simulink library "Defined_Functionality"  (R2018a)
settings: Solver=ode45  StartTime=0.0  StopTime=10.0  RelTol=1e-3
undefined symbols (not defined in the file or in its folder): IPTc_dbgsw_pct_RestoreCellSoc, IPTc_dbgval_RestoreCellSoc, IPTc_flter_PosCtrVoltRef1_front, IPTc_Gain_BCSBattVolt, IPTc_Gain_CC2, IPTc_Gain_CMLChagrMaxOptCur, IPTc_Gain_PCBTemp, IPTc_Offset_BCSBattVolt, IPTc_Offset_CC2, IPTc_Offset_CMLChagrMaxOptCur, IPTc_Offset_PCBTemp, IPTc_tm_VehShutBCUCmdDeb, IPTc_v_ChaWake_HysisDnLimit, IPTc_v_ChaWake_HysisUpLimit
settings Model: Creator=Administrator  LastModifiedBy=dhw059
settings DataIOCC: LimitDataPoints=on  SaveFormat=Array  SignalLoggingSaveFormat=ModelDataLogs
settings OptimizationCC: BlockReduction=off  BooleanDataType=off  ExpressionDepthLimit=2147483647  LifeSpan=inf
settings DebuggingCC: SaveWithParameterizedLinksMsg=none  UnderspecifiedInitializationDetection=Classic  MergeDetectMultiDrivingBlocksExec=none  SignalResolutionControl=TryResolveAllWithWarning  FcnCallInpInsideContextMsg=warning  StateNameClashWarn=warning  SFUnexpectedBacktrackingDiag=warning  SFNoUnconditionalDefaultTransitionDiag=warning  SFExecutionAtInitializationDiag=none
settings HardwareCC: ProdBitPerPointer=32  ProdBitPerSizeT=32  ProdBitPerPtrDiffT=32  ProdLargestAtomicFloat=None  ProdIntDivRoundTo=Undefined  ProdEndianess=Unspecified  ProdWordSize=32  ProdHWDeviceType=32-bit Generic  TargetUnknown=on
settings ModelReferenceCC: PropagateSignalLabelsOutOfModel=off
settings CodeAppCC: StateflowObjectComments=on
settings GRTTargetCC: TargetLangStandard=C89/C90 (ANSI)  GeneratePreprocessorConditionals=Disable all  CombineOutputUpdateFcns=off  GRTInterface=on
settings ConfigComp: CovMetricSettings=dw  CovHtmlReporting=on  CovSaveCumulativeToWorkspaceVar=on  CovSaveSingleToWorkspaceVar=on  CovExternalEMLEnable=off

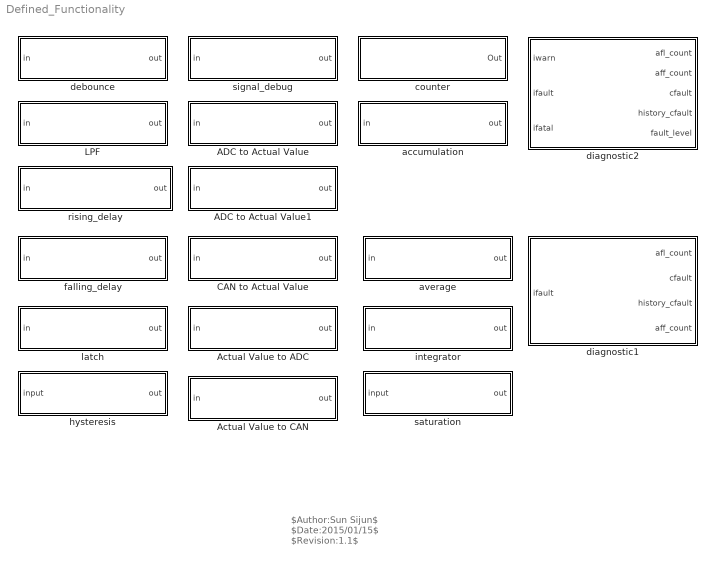
== system Defined_Functionality ==
  note: $Author:Sun Sijun$
      | $Date:2015/01/15$
      | $Revision:1.1$
  ADC to Actual Value : Subsystem  TreatAsAtomicUnit=on  RTWFcnName=ADC_CONVERSION_A_ACT  mask(Value Conversion){gain=IPTc_Gain_CC2, offset=IPTc_Offset_CC2}
      mask help:
      | To convert ADC vaule into actual value.
      | ACT=ADC*GAIN+OFFSET
      settings: AttributesFormatString=[GAIN=%<gain>]\n[OFFSET=%<offset>]  RTWFcnNameOpts=User specified
      mask Display:
      | color('black');
      | disp('CONVERSION_A');
      | port_label('input',1,'ADC')
      | port_label('output',1,'ACT')
  ADC to Actual Value1 : Subsystem  TreatAsAtomicUnit=on  RTWFcnName=ADC_CONVERSION_B_ACT21  mask(Value Conversion){offset=IPTc_Offset_PCBTemp, gain=IPTc_Gain_PCBTemp}
      mask help:
      | To convert ADC vaule into actual value.
      | ACT=(ADC+OFFSET)*GAIN
      settings: AttributesFormatString=[OFFSET=%<offset>]\n[GAIN=%<gain>]  RTWFcnNameOpts=User specified
      mask Display:
      | color('black');
      | disp('CONVERSION_B');
      | port_label('input',1,'ADC')
      | port_label('output',1,'ACT')
  Actual Value to ADC : Subsystem  TreatAsAtomicUnit=on  RTWFcnName=ACT_CONVERSION_ADC  mask(Value Conversion){gain=0, offset=0}
      mask help:
      | To convert actual value into ADC value.
      | ADC=(ACT-OFFSET)/GAIN
      settings: AttributesFormatString=[GAIN=%<gain>]\n[OFFSET=%<offset>]  RTWFcnNameOpts=User specified
      mask Display:
      | color('black');
      | disp('CONVERSION');
      | port_label('input',1,'ACT')
      | port_label('output',1,'ADC')
  Actual Value to CAN : Subsystem  TreatAsAtomicUnit=on  RTWFcnName=ACT_CONVERSION_CAN  mask(Value Conversion){gain=IPTc_Gain_BCSBattVolt, offset=IPTc_Offset_BCSBattVolt}
      mask help: To convert actual value into CAN signal.
      settings: AttributesFormatString=[GAIN=%<gain>]\n[OFFSET=%<offset>]  RTWFcnNameOpts=User specified
      mask Display:
      | color('black');
      | disp('CONVERSION');
      | port_label('input',1,'ACT')
      | port_label('output',1,'CAN')
  CAN to Actual Value : Subsystem  TreatAsAtomicUnit=on  RTWFcnName=CAN_CONVERSION_ACT  mask(Value Conversion){gain=IPTc_Gain_CMLChagrMaxOptCur, offset=IPTc_Offset_CMLChagrMaxOptCur}
      mask help:
      | To convert CAN signal into actual value.
      | ACT=CAN*GAIN+OFFSET.
      settings: AttributesFormatString=[GAIN=%<gain>]\n[OFFSET=%<offset>]  RTWFcnNameOpts=User specified
      mask Display:
      | color('black');
      | disp('CONVERSION');
      | port_label('input',1,'CAN')
      | port_label('output',1,'ACT')
  LPF : Subsystem  TreatAsAtomicUnit=on  RTWFcnName=low_pass_filter2  mask(LPF){filter_gain=IPTc_flter_PosCtrVoltRef1_front}
      mask prompts: filter_gain "LPF_GAIN"
      mask help: Low pass filter.The LPF_GAIN is positive but less than 1.
      settings: AttributesFormatString=[FILTER_GAIN=%<filter_gain>]  RTWFcnNameOpts=User specified
      mask Display:
      | disp('LPF')
      | port_label('input',1,'in')
      | port_label('output',1,'out')
  accumulation : Subsystem  TreatAsAtomicUnit=on  RTWFcnName=accumulation  mask(accumulation){Num_Threshold_Up=200, Num_Threshold_Down=0, Inc=1, Dec=0}
      mask prompts: Num_Threshold_Up "Threshold_Up"; Num_Threshold_Down "Threshold_Down"; Inc "Increment"; Dec "Decrement"
      mask help:
      | The initial output of the block is FALSE.When the input value is TRUE,the counter would increase
      | by Increment value per period,the block will not output TURE until the counter is not less than
      | Threshold.When the input value become FALSE,the counter would decrease by decrement value per
      | period,the block will not output FASLE until the counter is not more than zero.
      settings: AttributesFormatString=[THRESHOLD_UP=%<Num_Threshold_Up>]\n[THRESHOLD_DOWN=%<Num_Threshold_Down>]\n[INCREMENT=%<Inc>]\n[DECREMENT=%<Dec>]  RTWFcnNameOpts=User specified
      mask Display:
      | disp('ACCUMULATION')
      | port_label('input',1,'in')
      | port_label('output',1,'out')
  average : Subsystem  TreatAsAtomicUnit=on  RTWFcnName=average2  mask(average){time=uint16(2000), period=uint16(10)}
      mask prompts: time "Time_ms"; period "Period_ms"
      mask help: To get the average avlue of input signal in the period Time_ms.
      settings: AttributesFormatString=[TIME_ms=%<time>]\n[PERIOD_ms=%<period>]  RTWFcnNameOpts=User specified
      mask Display:
      | port_label('input',1,'in')
      | port_label('output',1,'out')
      | disp('AVERAGE')
  counter : Subsystem  TreatAsAtomicUnit=on  RTWFcnName=counter  mask(counter){initial_value=1, counter_limit=10}
      mask prompts: initial_value "Initial_Counter_Value"
      mask help: The block is a counter.It counts from initial counter value until counter limit,then it will count from initial counter value.
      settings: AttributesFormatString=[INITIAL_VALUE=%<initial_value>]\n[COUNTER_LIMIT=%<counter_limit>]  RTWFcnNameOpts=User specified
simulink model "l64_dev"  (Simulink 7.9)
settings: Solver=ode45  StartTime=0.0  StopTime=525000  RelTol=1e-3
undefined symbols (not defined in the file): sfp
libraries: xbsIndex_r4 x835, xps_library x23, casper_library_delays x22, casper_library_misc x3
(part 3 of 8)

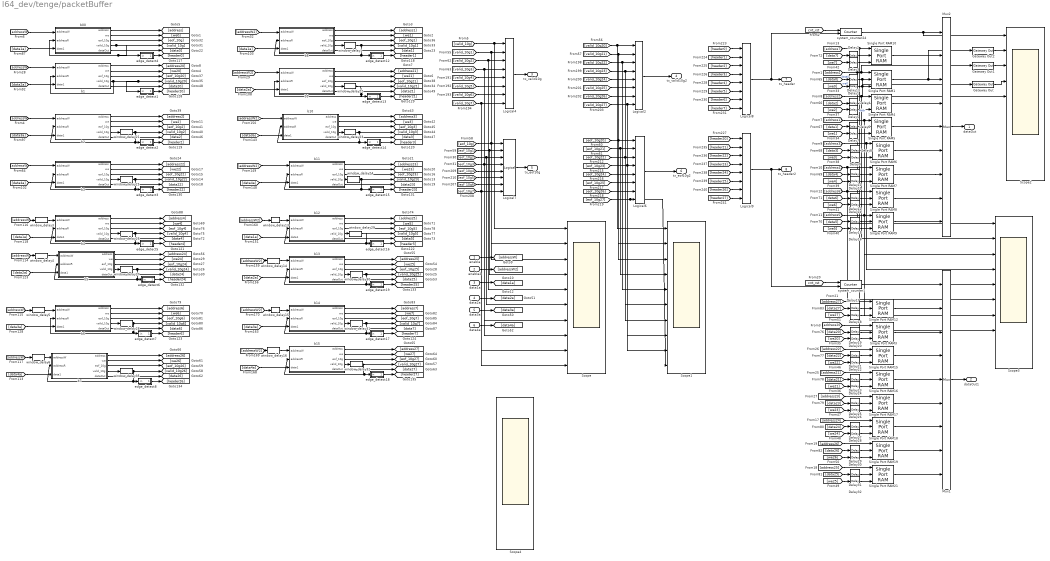
== system l64_dev/tenge/packetBuffer ==
  enable : Inport
  enable2 : Inport  Port=2
  data1a : Inport  Port=3
  data2a : Inport  Port=4
  data3a : Inport  Port=5
  data4a : Inport  Port=6
  Delay{1..32} (32 alike) : xbsIndex_r4/Delay  rst=off  infoeditControl=Selection of Reset will increase slice count due to use of real FFs and instead of SRLs  en=off  latency=2  dbl_ovrd=off  reg_retiming=on  block_type=delay
      settings: xl_area=[0, 0, 0, 0, 0, 0, 0]
  Gateway Out : xbsIndex_r4/Gateway Out  inherit_from_input=off  hdl_port=on  timing_constraint=None  locs_specified=off  LOCs={}  UseAsDAC=off  DACChannel='1'  block_type=gatewayout
  Gateway Out1 : xbsIndex_r4/Gateway Out  inherit_from_input=off  hdl_port=on  timing_constraint=None  locs_specified=off  LOCs={}  UseAsDAC=off  DACChannel='1'  block_type=gatewayout
  Gateway Out2 : xbsIndex_r4/Gateway Out  inherit_from_input=off  hdl_port=on  timing_constraint=None  locs_specified=off  LOCs={}  UseAsDAC=off  DACChannel='1'  block_type=gatewayout
  Logical{2,4,6..7} (4 alike) : xbsIndex_r4/Logical  logical_function=OR  inputs=8  en=off  latency=8  precision=Full  arith_type=Unsigned  n_bits=16  bin_pt=0  align_bp=on  dbl_ovrd=off  block_type=logical
      settings: block_version=11.4
  Logical8 : xbsIndex_r4/Logical  logical_function=OR  inputs=8  en=off  latency=4  precision=Full  arith_type=Unsigned  n_bits=16  bin_pt=0  align_bp=on  dbl_ovrd=off  block_type=logical
      settings: block_version=11.4
  Logical9 : xbsIndex_r4/Logical  logical_function=OR  inputs=8  en=off  latency=4  precision=Full  arith_type=Unsigned  n_bits=16  bin_pt=0  align_bp=on  dbl_ovrd=off  block_type=logical
      settings: block_version=11.4
  Mux1 : xbsIndex_r4/Mux  inputs=8  en=off  latency=2  precision=Full  arith_type="Signed  (2's comp)"  n_bits=8  bin_pt=2  quantization=Truncate  overflow=Wrap  dbl_ovrd=off  block_type=mux
      settings: xl_area=[0, 0, 0, 0, 0, 0, 0]
  Mux2 : xbsIndex_r4/Mux  inputs=8  en=off  latency=2  precision=Full  arith_type="Signed  (2's comp)"  n_bits=8  bin_pt=2  quantization=Truncate  overflow=Wrap  dbl_ovrd=off  block_type=mux
      settings: xl_area=[0, 0, 0, 0, 0, 0, 0]
  Scope{,1..4} (5 alike) : Scope  NumInputPorts=10
      Scope settings: YMin=0~0~0~4012~3800.95~-1~-5~-5~-5~-5  YMax=7000~1~1~4022~4201.05~1~5~5~5~5  SaveName=ScopeData3
      Scope1 settings: YMin=0~0~0~4012~3800.95~-1~-5~-5~-5~-5  YMax=7000~1~1~4022~4201.05~1~5~5~5~5  SaveName=ScopeData4
      Scope2 settings: YMin=0~0~0~4012~3800.95~-1~-5~-5~-5~-5  YMax=7000~1~1~4022~4201.05~1~5~5~5~5  SaveName=ScopeData5
      Scope3 settings: YMin=0~0~0~4012~3800.95~-1~-5~-5~-5~-5  YMax=7000~1~1~4022~4201.05~1~5~5~5~5  SaveName=ScopeData14
      Scope4 settings: YMin=0~0~0~4012~3800.95~-1~-5~-5~-5~-5  YMax=7000~1~1~4022~4201.05~1~5~5~5~5  SaveName=ScopeData16
  Single Port RAM{1,3..10,12,15..19,21} (16 alike) : xbsIndex_r4/Single Port RAM  depth=872  initVector=0  distributed_mem=Block RAM  write_mode=No Read On Write  rst=off  init_reg=0  en=off  latency=4  dbl_ovrd=off  optimize=Area  use_rpm=on  block_type=spram
  b00 : Subsystem
  b1 : Subsystem
  b10 : Subsystem
  b11 : Subsystem
  b12 : Subsystem
  b13 : Subsystem
  b14 : Subsystem
  b15 : Subsystem
  b2 : Subsystem
  b3 : Subsystem
  b4 : Subsystem
  b5 : Subsystem
  b6 : Subsystem
  b7 : Subsystem
  b8 : Subsystem
  b9 : Subsystem
  edge_detect1 : Subsystem  AncestorBlock=casper_library_misc/edge_detect  mask(edge_detect){edge=Rising, polarity=Active High, x_in=[0 0.08 0.08 0.16 0.16 0.24 0.24 0.32 0.32 0.4], y_in=[-1 -1  1  1  1  1  1  1  1  1], x_out=[0.6 0.68 0.68 0.76 0.76 0.84 0.84 0.92 0.92 1], y_out=[-1 -1  1  1 -1 -1 -1 -1 -1 -1]}
      mask prompts: edge "Edge Type"; polarity "Output Polarity"; x_in "Input X Positions"; y_in "Input Y Positions"; x_out "Output X Positions"; y_out "Output Y Positions"
      mask help: Output is active for one-cycle after each edge of the specified type (i.e. rising, falling or both).
      mask init: same as l64_dev/misc/edge_detect1
      settings: AttributesFormatString=|
      | rising edges
      | active high
      mask Help: Output is active for one-cycle after each edge of the specified type (i.e. rising, falling, or both).  Latency is zero.
      mask StyleString: popup(Rising|Falling|Both),popup(Active High|Active Low),edit,edit,edit,edit
      mask Display:
      | plot(x_in_num,0.5+y_in_num*0.2);
      | plot(x_out_num,0.5+y_out_num*0.2);
  edge_detect12 : Subsystem  AncestorBlock=casper_library_misc/edge_detect  mask(edge_detect){edge=Rising, polarity=Active High, x_in=[0 0.08 0.08 0.16 0.16 0.24 0.24 0.32 0.32 0.4], y_in=[-1 -1  1  1  1  1  1  1  1  1], x_out=[0.6 0.68 0.68 0.76 0.76 0.84 0.84 0.92 0.92 1], y_out=[-1 -1  1  1 -1 -1 -1 -1 -1 -1]}
      mask prompts: edge "Edge Type"; polarity "Output Polarity"; x_in "Input X Positions"; y_in "Input Y Positions"; x_out "Output X Positions"; y_out "Output Y Positions"
      mask help: Output is active for one-cycle after each edge of the specified type (i.e. rising, falling or both).
      mask init: same as l64_dev/misc/edge_detect1
      settings: AttributesFormatString=|
      | rising edges
      | active high
      mask Help: Output is active for one-cycle after each edge of the specified type (i.e. rising, falling, or both).  Latency is zero.
      mask StyleString: popup(Rising|Falling|Both),popup(Active High|Active Low),edit,edit,edit,edit
      mask Display:
      | plot(x_in_num,0.5+y_in_num*0.2);
      | plot(x_out_num,0.5+y_out_num*0.2);
  edge_detect13 : Subsystem  AncestorBlock=casper_library_misc/edge_detect  mask(edge_detect){edge=Rising, polarity=Active High, x_in=[0 0.08 0.08 0.16 0.16 0.24 0.24 0.32 0.32 0.4], y_in=[-1 -1  1  1  1  1  1  1  1  1], x_out=[0.6 0.68 0.68 0.76 0.76 0.84 0.84 0.92 0.92 1], y_out=[-1 -1  1  1 -1 -1 -1 -1 -1 -1]}
      mask prompts: edge "Edge Type"; polarity "Output Polarity"; x_in "Input X Positions"; y_in "Input Y Positions"; x_out "Output X Positions"; y_out "Output Y Positions"
      mask help: Output is active for one-cycle after each edge of the specified type (i.e. rising, falling or both).
      mask init: same as l64_dev/misc/edge_detect1
      settings: AttributesFormatString=|
      | rising edges
      | active high
      mask Help: Output is active for one-cycle after each edge of the specified type (i.e. rising, falling, or both).  Latency is zero.
      mask StyleString: popup(Rising|Falling|Both),popup(Active High|Active Low),edit,edit,edit,edit
      mask Display:
      | plot(x_in_num,0.5+y_in_num*0.2);
      | plot(x_out_num,0.5+y_out_num*0.2);
  edge_detect14 : Subsystem  AncestorBlock=casper_library_misc/edge_detect  mask(edge_detect){edge=Rising, polarity=Active High, x_in=[0 0.08 0.08 0.16 0.16 0.24 0.24 0.32 0.32 0.4], y_in=[-1 -1  1  1  1  1  1  1  1  1], x_out=[0.6 0.68 0.68 0.76 0.76 0.84 0.84 0.92 0.92 1], y_out=[-1 -1  1  1 -1 -1 -1 -1 -1 -1]}
      mask prompts: edge "Edge Type"; polarity "Output Polarity"; x_in "Input X Positions"; y_in "Input Y Positions"; x_out "Output X Positions"; y_out "Output Y Positions"
      mask help: Output is active for one-cycle after each edge of the specified type (i.e. rising, falling or both).
      mask init: same as l64_dev/misc/edge_detect1
      settings: AttributesFormatString=|
      | rising edges
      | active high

————

* _Task to complete_: Working from the material above, retype exactly the lines from the one with "b00 : Subsystem" through the one with "b9 : Subsystem", both included, and only those lines.

* _Expected answer_:
  b00 : Subsystem
  b1 : Subsystem
  b10 : Subsystem
  b11 : Subsystem
  b12 : Subsystem
  b13 : Subsystem
  b14 : Subsystem
  b15 : Subsystem
  b2 : Subsystem
  b3 : Subsystem
  b4 : Subsystem
  b5 : Subsystem
  b6 : Subsystem
  b7 : Subsystem
  b8 : Subsystem
  b9 : Subsystem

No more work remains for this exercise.